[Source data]
________________

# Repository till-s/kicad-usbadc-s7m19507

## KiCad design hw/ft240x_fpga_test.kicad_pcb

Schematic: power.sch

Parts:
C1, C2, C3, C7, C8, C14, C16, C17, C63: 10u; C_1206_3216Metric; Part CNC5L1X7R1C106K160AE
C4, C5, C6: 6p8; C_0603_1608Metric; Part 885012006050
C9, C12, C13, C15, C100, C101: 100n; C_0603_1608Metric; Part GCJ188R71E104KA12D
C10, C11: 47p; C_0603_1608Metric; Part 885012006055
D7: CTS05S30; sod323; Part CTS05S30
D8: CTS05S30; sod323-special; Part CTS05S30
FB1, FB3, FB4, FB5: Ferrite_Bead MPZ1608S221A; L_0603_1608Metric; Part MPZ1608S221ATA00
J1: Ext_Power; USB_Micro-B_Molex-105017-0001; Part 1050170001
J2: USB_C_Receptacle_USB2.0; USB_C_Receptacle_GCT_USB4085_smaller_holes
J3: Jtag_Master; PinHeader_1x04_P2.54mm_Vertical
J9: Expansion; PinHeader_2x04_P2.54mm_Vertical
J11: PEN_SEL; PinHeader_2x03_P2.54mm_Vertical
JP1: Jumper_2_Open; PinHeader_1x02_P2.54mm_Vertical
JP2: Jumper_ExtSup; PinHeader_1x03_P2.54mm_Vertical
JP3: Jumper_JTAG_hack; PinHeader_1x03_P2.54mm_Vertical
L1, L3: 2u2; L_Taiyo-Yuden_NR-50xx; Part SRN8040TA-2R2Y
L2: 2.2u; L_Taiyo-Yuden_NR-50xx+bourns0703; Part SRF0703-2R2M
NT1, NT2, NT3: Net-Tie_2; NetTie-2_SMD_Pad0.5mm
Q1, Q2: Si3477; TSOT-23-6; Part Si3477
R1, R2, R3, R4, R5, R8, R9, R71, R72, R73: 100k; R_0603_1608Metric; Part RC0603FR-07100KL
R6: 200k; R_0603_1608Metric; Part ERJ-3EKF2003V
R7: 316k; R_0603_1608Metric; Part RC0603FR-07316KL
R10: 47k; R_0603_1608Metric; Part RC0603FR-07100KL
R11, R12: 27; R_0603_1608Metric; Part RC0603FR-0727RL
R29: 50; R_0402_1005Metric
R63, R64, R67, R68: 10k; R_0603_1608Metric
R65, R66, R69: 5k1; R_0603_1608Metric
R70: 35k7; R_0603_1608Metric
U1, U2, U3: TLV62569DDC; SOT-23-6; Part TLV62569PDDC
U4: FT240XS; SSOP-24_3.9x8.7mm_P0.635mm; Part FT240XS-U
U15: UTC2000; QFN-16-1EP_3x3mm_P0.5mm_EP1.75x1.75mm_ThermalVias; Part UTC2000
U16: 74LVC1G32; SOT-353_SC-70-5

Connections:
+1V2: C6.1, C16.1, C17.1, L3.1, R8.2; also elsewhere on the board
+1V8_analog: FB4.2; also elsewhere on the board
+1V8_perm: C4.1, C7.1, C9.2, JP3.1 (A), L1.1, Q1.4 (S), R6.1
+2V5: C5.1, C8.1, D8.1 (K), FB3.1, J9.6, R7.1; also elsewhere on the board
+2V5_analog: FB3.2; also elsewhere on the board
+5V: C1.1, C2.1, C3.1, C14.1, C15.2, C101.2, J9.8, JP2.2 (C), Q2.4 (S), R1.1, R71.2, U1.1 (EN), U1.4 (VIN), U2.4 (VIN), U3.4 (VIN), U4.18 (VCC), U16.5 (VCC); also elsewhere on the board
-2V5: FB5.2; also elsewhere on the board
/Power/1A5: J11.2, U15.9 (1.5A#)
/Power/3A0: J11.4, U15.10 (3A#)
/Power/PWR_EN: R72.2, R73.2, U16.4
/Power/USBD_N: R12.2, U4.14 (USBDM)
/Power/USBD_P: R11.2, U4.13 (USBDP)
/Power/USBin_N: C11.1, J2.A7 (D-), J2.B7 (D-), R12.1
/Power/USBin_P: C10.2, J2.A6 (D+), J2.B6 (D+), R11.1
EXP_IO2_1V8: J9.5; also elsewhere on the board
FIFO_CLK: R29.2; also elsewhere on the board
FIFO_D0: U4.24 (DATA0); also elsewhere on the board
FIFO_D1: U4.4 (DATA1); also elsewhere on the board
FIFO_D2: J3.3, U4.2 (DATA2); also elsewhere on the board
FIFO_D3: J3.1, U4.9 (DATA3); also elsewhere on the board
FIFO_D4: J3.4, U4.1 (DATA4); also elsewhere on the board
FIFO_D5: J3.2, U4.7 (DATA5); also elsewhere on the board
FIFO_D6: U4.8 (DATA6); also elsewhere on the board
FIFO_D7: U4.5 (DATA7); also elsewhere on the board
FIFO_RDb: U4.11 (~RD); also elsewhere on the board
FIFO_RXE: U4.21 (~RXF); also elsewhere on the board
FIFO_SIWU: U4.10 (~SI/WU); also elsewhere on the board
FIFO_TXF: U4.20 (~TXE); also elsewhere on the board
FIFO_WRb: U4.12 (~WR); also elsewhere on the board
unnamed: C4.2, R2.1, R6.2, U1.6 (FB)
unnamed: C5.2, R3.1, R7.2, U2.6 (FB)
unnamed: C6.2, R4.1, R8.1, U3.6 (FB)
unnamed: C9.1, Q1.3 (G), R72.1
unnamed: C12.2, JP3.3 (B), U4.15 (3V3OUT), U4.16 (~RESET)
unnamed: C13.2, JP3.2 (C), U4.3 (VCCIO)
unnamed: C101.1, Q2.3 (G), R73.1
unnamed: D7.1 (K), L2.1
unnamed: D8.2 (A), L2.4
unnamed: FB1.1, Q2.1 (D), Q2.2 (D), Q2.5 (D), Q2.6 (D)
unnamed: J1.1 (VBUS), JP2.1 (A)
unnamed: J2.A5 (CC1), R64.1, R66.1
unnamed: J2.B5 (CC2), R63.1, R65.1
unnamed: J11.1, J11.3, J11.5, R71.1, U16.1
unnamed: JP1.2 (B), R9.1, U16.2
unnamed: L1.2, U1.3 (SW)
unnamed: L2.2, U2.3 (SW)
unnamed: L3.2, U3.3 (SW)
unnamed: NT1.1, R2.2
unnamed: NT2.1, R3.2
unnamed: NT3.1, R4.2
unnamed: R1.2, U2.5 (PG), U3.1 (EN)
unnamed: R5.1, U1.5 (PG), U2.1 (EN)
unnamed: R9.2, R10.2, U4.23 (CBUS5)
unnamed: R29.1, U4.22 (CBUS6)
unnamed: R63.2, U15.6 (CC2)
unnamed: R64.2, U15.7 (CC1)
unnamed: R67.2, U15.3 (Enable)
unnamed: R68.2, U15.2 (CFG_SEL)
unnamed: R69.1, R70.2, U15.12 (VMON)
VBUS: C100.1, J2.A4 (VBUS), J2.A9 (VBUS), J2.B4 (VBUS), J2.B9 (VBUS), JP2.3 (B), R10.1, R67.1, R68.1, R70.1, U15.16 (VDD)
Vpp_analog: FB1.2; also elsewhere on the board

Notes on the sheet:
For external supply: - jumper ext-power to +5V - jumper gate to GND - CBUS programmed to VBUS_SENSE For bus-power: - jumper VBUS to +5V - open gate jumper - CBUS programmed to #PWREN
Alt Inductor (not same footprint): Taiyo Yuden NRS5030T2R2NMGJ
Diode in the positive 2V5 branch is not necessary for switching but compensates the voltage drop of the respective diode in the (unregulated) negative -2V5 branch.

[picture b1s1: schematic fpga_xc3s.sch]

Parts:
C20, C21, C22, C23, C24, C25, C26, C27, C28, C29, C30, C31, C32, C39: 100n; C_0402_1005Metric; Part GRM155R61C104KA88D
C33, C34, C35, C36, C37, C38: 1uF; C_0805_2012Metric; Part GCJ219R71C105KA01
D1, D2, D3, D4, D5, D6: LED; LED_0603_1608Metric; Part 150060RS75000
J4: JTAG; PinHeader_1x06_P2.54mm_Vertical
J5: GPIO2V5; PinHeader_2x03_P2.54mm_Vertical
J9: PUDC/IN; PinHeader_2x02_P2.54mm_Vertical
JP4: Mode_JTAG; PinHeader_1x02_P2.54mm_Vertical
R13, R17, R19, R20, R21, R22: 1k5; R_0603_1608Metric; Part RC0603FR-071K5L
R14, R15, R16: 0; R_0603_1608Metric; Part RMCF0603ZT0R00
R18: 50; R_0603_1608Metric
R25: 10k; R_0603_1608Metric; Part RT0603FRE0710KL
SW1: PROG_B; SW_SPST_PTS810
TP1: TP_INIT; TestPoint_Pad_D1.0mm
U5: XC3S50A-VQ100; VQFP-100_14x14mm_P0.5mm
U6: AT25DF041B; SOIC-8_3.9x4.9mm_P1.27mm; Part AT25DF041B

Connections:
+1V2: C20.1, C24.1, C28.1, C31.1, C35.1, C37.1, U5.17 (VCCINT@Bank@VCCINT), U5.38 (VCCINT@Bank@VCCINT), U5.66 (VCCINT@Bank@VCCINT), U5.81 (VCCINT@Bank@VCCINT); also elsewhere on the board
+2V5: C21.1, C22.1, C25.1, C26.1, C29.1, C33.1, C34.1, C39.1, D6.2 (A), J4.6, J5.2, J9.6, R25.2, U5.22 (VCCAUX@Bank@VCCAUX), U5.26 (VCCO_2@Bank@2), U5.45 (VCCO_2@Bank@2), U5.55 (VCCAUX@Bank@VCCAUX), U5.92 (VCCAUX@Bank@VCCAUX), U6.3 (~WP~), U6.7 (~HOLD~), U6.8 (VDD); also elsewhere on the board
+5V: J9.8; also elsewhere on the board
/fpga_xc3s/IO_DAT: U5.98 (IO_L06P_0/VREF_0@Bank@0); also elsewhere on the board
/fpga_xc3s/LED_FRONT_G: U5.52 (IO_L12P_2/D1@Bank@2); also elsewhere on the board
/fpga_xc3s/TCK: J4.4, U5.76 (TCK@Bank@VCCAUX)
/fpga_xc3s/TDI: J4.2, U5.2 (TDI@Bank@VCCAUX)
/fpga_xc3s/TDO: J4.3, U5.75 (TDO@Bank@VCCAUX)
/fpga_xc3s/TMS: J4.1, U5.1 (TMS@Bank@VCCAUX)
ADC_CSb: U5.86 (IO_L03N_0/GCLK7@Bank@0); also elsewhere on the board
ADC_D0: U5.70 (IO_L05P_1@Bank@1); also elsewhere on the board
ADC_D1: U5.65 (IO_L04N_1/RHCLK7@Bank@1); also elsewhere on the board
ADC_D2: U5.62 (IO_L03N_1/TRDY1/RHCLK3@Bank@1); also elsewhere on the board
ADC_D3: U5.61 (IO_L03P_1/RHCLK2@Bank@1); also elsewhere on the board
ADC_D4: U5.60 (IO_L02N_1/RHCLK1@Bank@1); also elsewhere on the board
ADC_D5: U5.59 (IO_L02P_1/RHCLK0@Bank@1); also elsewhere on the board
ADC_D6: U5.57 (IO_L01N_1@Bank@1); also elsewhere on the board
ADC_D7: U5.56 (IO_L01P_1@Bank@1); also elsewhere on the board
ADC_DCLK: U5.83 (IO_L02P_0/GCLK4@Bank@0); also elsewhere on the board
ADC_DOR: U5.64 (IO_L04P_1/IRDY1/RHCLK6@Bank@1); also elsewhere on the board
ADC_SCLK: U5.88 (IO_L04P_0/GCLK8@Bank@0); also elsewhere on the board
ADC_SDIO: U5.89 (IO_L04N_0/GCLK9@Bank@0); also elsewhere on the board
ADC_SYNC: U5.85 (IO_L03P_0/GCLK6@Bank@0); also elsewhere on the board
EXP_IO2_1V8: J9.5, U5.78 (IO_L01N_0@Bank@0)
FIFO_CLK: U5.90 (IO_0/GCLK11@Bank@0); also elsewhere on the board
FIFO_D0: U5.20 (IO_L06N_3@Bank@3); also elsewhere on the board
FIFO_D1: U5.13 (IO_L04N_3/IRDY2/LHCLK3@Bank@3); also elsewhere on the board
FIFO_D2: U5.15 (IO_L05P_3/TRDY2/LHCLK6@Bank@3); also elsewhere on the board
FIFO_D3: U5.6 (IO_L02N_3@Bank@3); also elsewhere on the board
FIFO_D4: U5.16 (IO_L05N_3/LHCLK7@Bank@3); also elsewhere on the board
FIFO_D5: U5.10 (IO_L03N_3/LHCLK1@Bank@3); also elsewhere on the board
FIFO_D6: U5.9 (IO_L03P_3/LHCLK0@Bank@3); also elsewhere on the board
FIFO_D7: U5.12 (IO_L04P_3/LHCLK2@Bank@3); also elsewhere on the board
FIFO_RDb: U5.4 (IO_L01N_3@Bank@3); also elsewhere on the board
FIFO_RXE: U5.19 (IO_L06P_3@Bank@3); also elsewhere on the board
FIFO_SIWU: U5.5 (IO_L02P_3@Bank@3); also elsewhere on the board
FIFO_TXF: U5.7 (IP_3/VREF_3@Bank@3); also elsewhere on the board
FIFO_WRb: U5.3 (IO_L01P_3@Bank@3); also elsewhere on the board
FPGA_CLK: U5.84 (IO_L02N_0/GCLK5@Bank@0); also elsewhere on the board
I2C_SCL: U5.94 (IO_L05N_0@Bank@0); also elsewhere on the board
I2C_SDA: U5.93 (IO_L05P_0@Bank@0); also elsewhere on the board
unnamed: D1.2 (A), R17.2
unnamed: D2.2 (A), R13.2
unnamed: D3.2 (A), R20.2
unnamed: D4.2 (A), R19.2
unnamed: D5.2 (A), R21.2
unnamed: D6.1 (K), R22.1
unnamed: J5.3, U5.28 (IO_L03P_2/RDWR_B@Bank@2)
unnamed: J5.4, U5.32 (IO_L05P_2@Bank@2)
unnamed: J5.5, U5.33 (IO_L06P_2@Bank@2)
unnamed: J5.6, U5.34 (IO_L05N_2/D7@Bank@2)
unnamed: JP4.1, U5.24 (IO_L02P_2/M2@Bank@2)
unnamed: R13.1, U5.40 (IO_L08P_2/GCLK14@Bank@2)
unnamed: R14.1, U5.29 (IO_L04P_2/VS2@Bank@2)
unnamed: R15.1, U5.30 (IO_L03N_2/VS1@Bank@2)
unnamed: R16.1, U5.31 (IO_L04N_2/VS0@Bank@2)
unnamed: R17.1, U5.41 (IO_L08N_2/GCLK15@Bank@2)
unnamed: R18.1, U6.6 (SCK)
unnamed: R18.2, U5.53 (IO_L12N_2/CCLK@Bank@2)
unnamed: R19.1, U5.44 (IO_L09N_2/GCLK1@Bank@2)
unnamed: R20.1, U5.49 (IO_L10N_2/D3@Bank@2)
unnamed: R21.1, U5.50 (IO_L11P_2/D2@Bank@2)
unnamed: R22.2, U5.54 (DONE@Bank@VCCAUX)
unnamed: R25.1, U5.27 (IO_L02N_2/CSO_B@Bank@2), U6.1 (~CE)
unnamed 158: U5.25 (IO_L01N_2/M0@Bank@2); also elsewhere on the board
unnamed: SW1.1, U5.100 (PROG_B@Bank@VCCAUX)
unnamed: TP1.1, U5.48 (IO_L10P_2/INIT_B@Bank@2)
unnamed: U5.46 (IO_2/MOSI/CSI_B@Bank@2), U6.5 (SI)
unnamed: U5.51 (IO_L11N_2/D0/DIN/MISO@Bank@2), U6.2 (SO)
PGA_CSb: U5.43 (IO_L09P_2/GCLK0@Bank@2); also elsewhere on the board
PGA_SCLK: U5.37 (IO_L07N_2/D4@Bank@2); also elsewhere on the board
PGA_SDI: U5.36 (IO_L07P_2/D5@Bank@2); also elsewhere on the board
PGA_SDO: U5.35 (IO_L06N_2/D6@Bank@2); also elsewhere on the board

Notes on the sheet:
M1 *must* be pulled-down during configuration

________________

◆ **About this exercise**:
Starting at the line above that holds "J11: PEN_SEL; PinHeader_2x03_P2.54mm_Vertical" and ending at the line that holds "R8.2; also elsewhere on the board", transcribe each line exactly and include no other lines.

◆ **Solution**:
J11: PEN_SEL; PinHeader_2x03_P2.54mm_Vertical
JP1: Jumper_2_Open; PinHeader_1x02_P2.54mm_Vertical
JP2: Jumper_ExtSup; PinHeader_1x03_P2.54mm_Vertical
JP3: Jumper_JTAG_hack; PinHeader_1x03_P2.54mm_Vertical
L1, L3: 2u2; L_Taiyo-Yuden_NR-50xx; Part SRN8040TA-2R2Y
L2: 2.2u; L_Taiyo-Yuden_NR-50xx+bourns0703; Part SRF0703-2R2M
NT1, NT2, NT3: Net-Tie_2; NetTie-2_SMD_Pad0.5mm
Q1, Q2: Si3477; TSOT-23-6; Part Si3477
R1, R2, R3, R4, R5, R8, R9, R71, R72, R73: 100k; R_0603_1608Metric; Part RC0603FR-07100KL
R6: 200k; R_0603_1608Metric; Part ERJ-3EKF2003V
R7: 316k; R_0603_1608Metric; Part RC0603FR-07316KL
R10: 47k; R_0603_1608Metric; Part RC0603FR-07100KL
R11, R12: 27; R_0603_1608Metric; Part RC0603FR-0727RL
R29: 50; R_0402_1005Metric
R63, R64, R67, R68: 10k; R_0603_1608Metric
R65, R66, R69: 5k1; R_0603_1608Metric
R70: 35k7; R_0603_1608Metric
U1, U2, U3: TLV62569DDC; SOT-23-6; Part TLV62569PDDC
U4: FT240XS; SSOP-24_3.9x8.7mm_P0.635mm; Part FT240XS-U
U15: UTC2000; QFN-16-1EP_3x3mm_P0.5mm_EP1.75x1.75mm_ThermalVias; Part UTC2000
U16: 74LVC1G32; SOT-353_SC-70-5

Connections:
+1V2: C6.1, C16.1, C17.1, L3.1, R8.2; also elsewhere on the board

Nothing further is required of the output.